# Task description
For each line below, check for "vias"; give only the total of lines where it occurs.

# Available data

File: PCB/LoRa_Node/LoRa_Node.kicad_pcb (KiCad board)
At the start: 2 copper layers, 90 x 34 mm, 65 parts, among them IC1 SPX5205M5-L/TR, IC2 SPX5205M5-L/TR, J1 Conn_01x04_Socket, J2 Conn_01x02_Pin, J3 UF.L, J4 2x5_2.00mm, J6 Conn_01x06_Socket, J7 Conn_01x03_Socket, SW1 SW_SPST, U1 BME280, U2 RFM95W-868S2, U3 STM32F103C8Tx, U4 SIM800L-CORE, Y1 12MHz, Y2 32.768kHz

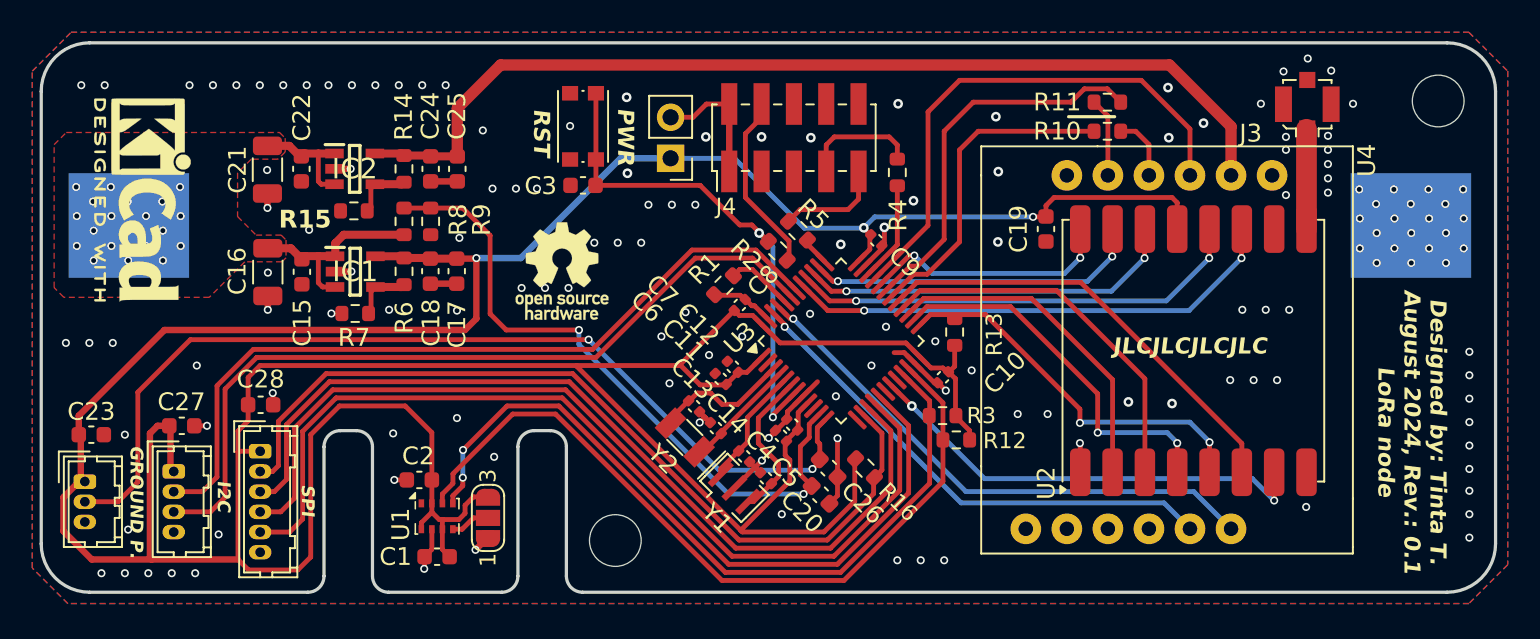
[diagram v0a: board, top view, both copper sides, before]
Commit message: Update
PCB: added pull-downs on IRQ pins, SW: stable EXTI, reliable measurements
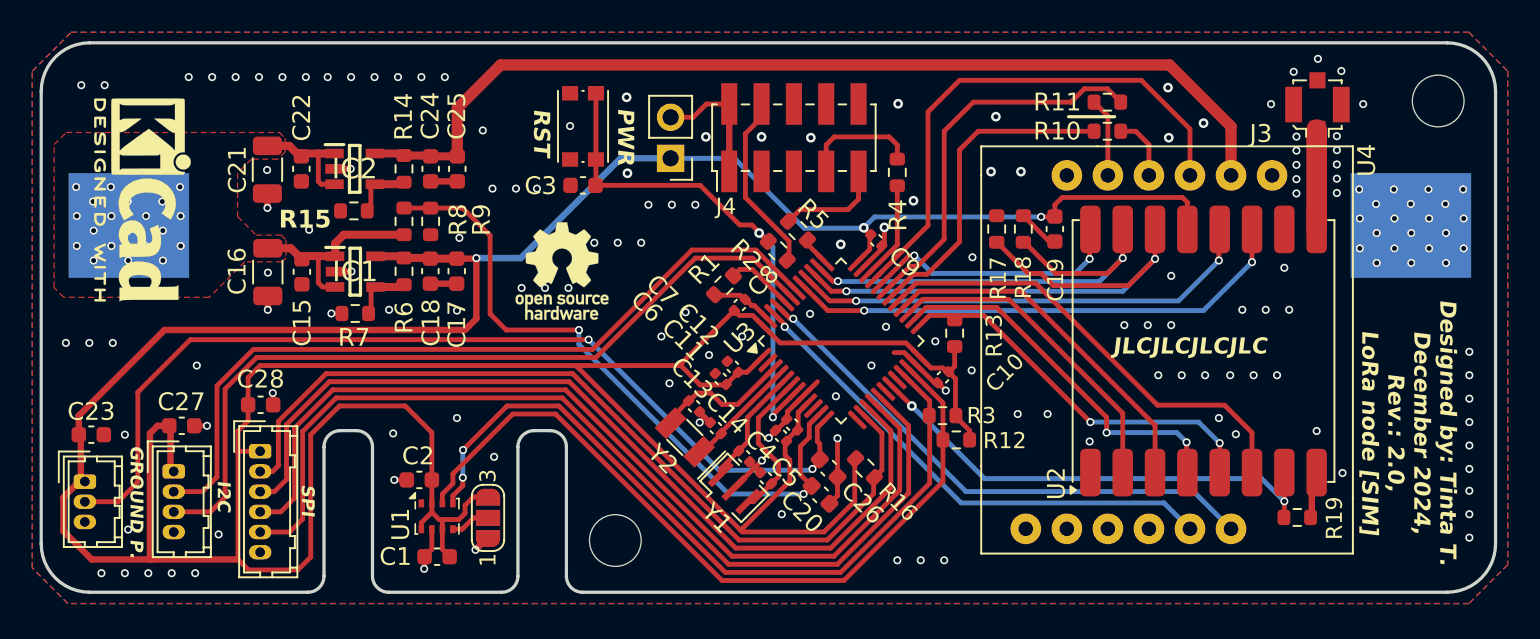
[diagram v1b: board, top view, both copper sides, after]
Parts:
- added R17: 10k, Resistor_SMD:R_0603_1608Metric, F.Cu at (164.8, 77.2)
- added R18: 10k, Resistor_SMD:R_0603_1608Metric, F.Cu at (166.5, 77.2)
- added R19: 10k, Resistor_SMD:R_0603_1608Metric, F.Cu at (183.4, 95.1)
- moved J3 0.63 mm to (184.7, 69.5)
- moved U2 0.63 mm to (177.6, 84.8)
- moved C19 0.55 mm to (168.4, 77.2)
- moved R13 0.08 mm to (162.2, 83.7)
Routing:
- net /DIO0: track 23.6 -> 35.2 mm
- net /DIO1: track 20.8 -> 28.2 mm
- net GND: track 41.3 -> 45.1 mm, vias 149 -> 161
- net /MOSI: track 23.5 -> 21.7 mm
- net /MISO: track 20.8 -> 19.6 mm
- net /DIO5: track 28.4 -> 29.6 mm
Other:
- board text added: "Designed by: Tinta T. December 2024, Rev.: 2.0, LoRa node [SIM]"
- board text removed: "Designed by: Tinta T. August 2024, Rev.: 0.1 LoRa node"

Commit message: Update
Humidity probe is rewired from the 3v3 to MCU pin for power
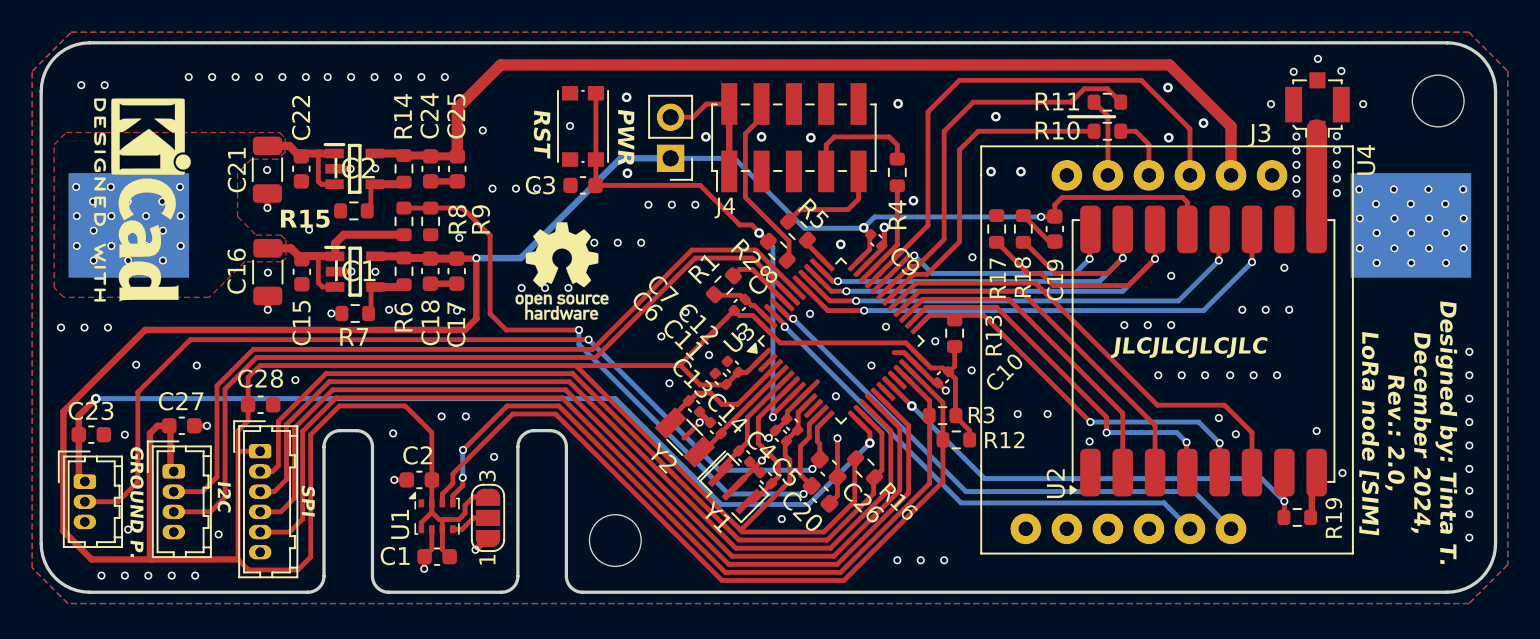
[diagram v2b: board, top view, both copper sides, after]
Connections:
- C23 pad 1: +3.3V -> /EHUM_PWR
- J7 pad 1: +3.3V -> /EHUM_PWR
- U3 pad 13: unconnected-(U3-PA3-Pad13) -> /EHUM_PWR
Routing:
- net /EHUM_PWR: track 0.00 -> 60.4 mm, vias 0 -> 2
- net GND: track 45.1 -> 45.8 mm, vias 161 -> 165

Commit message: README Update
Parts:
- added R20: 10k, Resistor_SMD:R_0603_1608Metric, F.Cu at (108.8, 88.4)
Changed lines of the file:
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@@
 		(tags "capacitor")
 		(property "Reference" "C23"
-			(at 0 -1.43 0)
+			(at -0.02132 -2.978681 0)
 			(layer "F.SilkS")
 			(effects
@@
 		)
 	)
+	(footprint "Resistor_SMD:R_0603_1608Metric"
+		(layer "F.Cu")
+		(at 108.77868 88.421319)
+		(descr "Resistor SMD 0603 (1608 Metric), square (rectangular) end terminal, IPC_7351 nominal, (Body size source: IPC-SM-782 page 72, https://www.pcb-3d.com/wordpress/wp-content/uploads/ipc-sm-782a_amendment_1_and_2.pdf), generated with kicad-footprint-generator")
+		(tags "resistor")
+		(property "Reference" "R20"
+			(at -0.1 -2.8 0)
+			(layer "F.SilkS")
+			(effects
+				(font
+					(size 1 1)
+					(thickness 0.15)
+				)
+			)
+		)
+		(property "Value" "10k"
+			(at 0 1.43 0)
+			(layer "F.Fab")
+			(effects
+				(font
+					(size 1 1)
+					(thickness 0.15)
+				)
+			)
+		)
+		(property "Footprint" "Resistor_SMD:R_0603_1608Metric"
+			(at 0 0 0)
+			(unlocked yes)
+			(layer "F.Fab")
+			(hide yes)
+			(effects
+				(font
+					(size 1.27 1.27)
+				)
+			)
+		)
+		(property "Datasheet" ""
+			(at 0 0 0)
+			(unlocked yes)
+			(layer "F.Fab")
+			(hide yes)
+			(effects
+				(font
+					(size 1.27 1.27)
+				)
+			)
+		)
+		(property "Description" ""
+			(at 0 0 0)
+			(unlocked yes)
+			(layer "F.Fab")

# Solution
3